The group's enthusiasm is backed by an academic trial of INB-100 in 10 AML patients.
In the battle of gamma-delta T-cell therapies In8bio is closing the gap on Adicet, though that’s largely down to investors losing faith in the latter’s disappointing CD20-targeting Car-T project ADI-001.
For its part In8bio has for the past two years touted results from an academic-sponsored study of INB-100, an allogeneic gamma-delta T-cell infusion that doesn’t involve Car modification. Yesterday brought another iteration of this dataset, at the European Hematology Association meeting, on the back of which In8bio plans to launch its own registrational trial of INB-100.
This will be a tall order considering that In8bio is still valued at under $100m.
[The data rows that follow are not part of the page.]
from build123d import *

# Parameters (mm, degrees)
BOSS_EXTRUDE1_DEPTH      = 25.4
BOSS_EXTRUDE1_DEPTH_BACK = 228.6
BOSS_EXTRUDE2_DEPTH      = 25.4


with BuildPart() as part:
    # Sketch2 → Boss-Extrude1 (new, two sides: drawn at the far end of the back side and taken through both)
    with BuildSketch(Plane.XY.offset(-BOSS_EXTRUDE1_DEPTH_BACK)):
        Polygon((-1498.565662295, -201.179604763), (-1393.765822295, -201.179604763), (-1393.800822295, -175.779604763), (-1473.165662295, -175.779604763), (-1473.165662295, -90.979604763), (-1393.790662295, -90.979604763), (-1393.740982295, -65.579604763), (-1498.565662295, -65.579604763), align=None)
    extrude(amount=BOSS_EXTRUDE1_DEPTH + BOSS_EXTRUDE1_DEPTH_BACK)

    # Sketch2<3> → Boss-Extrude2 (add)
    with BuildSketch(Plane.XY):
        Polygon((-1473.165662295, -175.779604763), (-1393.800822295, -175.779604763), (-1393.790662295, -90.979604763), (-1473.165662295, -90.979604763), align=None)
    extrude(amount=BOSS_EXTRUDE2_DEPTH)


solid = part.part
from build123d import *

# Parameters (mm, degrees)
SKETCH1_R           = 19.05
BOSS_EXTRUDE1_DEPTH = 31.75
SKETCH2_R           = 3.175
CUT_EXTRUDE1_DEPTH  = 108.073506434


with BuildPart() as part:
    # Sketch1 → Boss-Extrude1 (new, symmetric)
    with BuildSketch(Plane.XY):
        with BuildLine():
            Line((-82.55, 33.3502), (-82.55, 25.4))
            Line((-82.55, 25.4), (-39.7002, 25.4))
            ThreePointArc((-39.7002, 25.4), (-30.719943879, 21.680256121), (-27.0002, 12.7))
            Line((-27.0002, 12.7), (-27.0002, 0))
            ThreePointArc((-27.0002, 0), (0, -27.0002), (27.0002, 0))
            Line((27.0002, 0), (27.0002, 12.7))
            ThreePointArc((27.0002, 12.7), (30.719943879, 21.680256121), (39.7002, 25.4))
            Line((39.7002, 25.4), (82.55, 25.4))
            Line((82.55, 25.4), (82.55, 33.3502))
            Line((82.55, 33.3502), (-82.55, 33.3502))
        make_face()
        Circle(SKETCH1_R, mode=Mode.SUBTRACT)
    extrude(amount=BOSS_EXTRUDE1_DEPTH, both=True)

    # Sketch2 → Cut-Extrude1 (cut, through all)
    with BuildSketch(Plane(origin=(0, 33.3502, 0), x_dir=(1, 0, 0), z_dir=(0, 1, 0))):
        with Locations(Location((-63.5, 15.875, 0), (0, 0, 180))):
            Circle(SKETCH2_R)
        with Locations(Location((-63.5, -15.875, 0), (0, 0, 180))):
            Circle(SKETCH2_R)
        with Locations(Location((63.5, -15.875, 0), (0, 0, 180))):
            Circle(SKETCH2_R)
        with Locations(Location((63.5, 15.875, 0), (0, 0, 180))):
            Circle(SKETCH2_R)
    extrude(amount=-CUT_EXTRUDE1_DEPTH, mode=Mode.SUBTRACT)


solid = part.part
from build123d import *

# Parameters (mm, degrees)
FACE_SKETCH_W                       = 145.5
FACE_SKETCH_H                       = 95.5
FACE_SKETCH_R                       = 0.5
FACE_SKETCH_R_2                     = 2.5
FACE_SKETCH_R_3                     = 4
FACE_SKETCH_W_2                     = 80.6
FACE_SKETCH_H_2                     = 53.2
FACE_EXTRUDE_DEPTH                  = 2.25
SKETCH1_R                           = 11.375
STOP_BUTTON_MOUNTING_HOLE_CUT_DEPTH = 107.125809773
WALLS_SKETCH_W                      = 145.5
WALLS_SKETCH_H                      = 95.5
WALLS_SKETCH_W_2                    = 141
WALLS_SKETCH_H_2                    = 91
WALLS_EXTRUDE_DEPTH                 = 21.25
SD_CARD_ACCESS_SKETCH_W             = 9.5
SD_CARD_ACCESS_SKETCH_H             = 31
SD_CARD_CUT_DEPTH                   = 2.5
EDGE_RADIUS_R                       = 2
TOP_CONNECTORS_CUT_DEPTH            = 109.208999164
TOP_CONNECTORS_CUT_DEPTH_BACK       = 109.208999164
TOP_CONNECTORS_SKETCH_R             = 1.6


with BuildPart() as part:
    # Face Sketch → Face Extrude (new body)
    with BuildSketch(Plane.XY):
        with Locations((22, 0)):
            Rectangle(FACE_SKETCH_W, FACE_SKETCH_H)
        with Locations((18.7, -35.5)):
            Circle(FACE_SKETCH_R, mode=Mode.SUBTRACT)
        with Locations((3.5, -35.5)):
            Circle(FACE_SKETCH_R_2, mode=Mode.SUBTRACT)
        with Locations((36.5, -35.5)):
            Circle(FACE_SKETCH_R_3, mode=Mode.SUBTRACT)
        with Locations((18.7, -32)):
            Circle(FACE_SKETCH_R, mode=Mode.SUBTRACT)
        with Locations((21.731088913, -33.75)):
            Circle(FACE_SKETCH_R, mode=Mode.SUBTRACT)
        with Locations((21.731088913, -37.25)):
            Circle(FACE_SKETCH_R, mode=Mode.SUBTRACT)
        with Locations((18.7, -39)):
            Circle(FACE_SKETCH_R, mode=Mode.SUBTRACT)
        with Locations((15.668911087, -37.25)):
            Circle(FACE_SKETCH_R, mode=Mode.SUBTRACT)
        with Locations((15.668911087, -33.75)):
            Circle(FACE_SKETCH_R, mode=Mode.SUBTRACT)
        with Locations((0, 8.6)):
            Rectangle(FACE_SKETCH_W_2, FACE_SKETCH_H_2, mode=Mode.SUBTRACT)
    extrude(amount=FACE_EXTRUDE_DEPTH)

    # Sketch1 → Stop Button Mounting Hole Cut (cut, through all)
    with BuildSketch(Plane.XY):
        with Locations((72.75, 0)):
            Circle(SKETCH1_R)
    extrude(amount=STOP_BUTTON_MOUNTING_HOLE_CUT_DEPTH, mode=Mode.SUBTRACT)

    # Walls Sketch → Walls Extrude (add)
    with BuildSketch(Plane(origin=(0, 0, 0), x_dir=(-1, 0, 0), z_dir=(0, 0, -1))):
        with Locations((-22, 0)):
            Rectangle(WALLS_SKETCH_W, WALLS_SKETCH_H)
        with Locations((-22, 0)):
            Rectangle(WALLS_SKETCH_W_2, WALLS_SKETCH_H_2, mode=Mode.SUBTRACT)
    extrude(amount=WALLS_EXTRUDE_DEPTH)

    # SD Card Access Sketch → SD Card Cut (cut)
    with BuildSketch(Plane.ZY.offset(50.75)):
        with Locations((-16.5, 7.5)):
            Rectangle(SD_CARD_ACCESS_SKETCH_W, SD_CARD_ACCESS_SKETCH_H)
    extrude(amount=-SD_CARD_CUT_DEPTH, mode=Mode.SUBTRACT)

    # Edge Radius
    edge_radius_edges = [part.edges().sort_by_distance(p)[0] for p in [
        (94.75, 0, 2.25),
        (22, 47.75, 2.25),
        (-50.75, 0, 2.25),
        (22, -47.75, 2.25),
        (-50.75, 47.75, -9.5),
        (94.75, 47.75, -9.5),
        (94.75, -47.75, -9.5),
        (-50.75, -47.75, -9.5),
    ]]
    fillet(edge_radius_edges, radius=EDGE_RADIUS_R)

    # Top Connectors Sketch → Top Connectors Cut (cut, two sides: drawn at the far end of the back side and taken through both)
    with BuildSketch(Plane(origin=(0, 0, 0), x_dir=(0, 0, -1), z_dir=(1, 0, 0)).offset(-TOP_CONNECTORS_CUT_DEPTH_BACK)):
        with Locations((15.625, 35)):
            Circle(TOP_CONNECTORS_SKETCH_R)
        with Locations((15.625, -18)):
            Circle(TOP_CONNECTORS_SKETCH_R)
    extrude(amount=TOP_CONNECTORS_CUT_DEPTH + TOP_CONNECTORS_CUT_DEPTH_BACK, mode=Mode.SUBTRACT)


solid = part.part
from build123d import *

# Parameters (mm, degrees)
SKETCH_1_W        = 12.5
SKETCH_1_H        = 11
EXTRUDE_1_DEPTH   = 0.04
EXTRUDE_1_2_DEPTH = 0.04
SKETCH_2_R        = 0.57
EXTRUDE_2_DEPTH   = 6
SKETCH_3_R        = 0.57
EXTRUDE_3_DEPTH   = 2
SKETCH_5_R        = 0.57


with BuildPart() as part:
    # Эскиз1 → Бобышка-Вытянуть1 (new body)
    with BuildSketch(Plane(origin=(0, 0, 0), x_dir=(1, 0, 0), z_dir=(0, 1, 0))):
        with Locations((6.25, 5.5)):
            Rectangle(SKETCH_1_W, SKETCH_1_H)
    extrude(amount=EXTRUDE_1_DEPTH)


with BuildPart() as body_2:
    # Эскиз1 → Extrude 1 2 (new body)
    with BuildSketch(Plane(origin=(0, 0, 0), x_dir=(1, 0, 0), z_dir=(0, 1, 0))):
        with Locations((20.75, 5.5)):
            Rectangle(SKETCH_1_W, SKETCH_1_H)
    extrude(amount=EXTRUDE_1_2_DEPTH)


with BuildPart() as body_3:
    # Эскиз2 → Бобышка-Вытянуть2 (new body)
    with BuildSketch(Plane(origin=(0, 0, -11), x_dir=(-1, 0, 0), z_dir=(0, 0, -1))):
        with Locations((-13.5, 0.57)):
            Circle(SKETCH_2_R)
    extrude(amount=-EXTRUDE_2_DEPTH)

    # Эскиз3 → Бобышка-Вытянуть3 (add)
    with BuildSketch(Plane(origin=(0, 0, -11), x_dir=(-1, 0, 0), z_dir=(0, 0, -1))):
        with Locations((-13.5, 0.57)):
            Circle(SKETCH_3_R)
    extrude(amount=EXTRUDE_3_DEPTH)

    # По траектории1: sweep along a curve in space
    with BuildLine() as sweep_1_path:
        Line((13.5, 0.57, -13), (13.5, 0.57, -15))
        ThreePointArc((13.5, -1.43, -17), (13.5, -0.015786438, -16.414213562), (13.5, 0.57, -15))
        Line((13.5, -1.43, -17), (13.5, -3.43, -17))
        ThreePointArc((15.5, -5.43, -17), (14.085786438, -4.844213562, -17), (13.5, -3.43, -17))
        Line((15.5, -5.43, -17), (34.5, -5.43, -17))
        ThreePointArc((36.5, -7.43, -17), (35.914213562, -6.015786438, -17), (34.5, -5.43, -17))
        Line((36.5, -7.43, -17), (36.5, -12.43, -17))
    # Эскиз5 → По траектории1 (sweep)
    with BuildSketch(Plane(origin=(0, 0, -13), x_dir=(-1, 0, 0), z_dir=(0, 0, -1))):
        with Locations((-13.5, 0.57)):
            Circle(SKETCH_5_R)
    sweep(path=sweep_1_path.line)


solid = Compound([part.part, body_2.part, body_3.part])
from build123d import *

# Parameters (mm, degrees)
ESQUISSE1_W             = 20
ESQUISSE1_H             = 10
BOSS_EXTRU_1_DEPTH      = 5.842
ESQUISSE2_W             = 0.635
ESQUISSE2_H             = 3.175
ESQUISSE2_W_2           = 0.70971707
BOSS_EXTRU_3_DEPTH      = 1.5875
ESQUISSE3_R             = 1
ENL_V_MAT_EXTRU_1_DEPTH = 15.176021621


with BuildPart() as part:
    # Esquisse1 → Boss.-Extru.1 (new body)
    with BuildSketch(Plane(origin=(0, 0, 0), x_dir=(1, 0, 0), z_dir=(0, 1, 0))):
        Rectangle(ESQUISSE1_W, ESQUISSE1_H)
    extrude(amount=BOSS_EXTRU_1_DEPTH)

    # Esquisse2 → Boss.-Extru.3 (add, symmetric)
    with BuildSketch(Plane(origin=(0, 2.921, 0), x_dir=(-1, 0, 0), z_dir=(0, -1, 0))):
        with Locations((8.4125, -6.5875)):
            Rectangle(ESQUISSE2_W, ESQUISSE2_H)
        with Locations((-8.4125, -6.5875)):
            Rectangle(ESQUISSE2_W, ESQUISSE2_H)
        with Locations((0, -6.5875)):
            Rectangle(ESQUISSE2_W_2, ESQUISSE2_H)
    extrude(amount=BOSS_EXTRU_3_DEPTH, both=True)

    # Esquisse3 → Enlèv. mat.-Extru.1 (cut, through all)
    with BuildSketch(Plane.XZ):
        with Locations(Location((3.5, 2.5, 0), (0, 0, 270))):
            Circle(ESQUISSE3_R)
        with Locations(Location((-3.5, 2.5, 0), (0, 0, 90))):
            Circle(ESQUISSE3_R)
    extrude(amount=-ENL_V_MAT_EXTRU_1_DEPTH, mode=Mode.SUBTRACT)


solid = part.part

Perhaps fearing an imminent fund-raising to raise the necessary cash for the INB-100 study, to recruit 196 AML/MDS patients undergoing haploidentical transplant, investors this morning sent In8bio stock down 20%.
EHA poster
In8bio’s enthusiasm stems from a phase 1 AML study being run by University of Kansas Medical Center, which back in mid-2022 reported its first three patients going into morphological complete remission and staying alive at over a year.
At last year’s ASH conference this was updated to 10 patients, all of whom showed remissions. Six patients were evaluable at over a year at a 3 November data cutoff, and all six CRs were ongoing at this point. In8bio’s shares rose 27% on publication of the ASH abstract, and a further 29% over the weekend of the conference.
Yesterday brought a further update, in a poster at EHA concerning the same 10 patients but with a 31 May cutoff. All 10 are now said to have hit one year of ongoing CR, but there’s the first indication of response durability: two patients have had disease progression, one at 12.5 and the other at 14.7 months, while a third died of idiopathic pulmonary fibrosis while in CR at 15.5 months.
Given that this is high-risk AML the result seems impressive, though without a control it’s difficult to attribute the benefit specifically to INB-100, especially as the allogeneic gamma-delta T cells were given after patients received a hematopoietic stem cell transplant. In8bio claims that half of transplanted AML patients relapse within one year.
The EHA poster also revealed that 14 patients had been enrolled into this study, but one received an “out-of-specification” product and another couldn’t be dosed owing to failure to manufacture INB-100, which is derived from partially mismatched related donors. Two others relapsed or died before being dosed.
Such caveats notwithstanding, In8bio now proposes to run its own trial in a similar transplant maintenance setting in 196 AML/MDS patients. Half will be randomised to INB-100 and half to standard of care, with relapse-free survival as primary endpoint. However, this plan has yet to be discussed with the FDA.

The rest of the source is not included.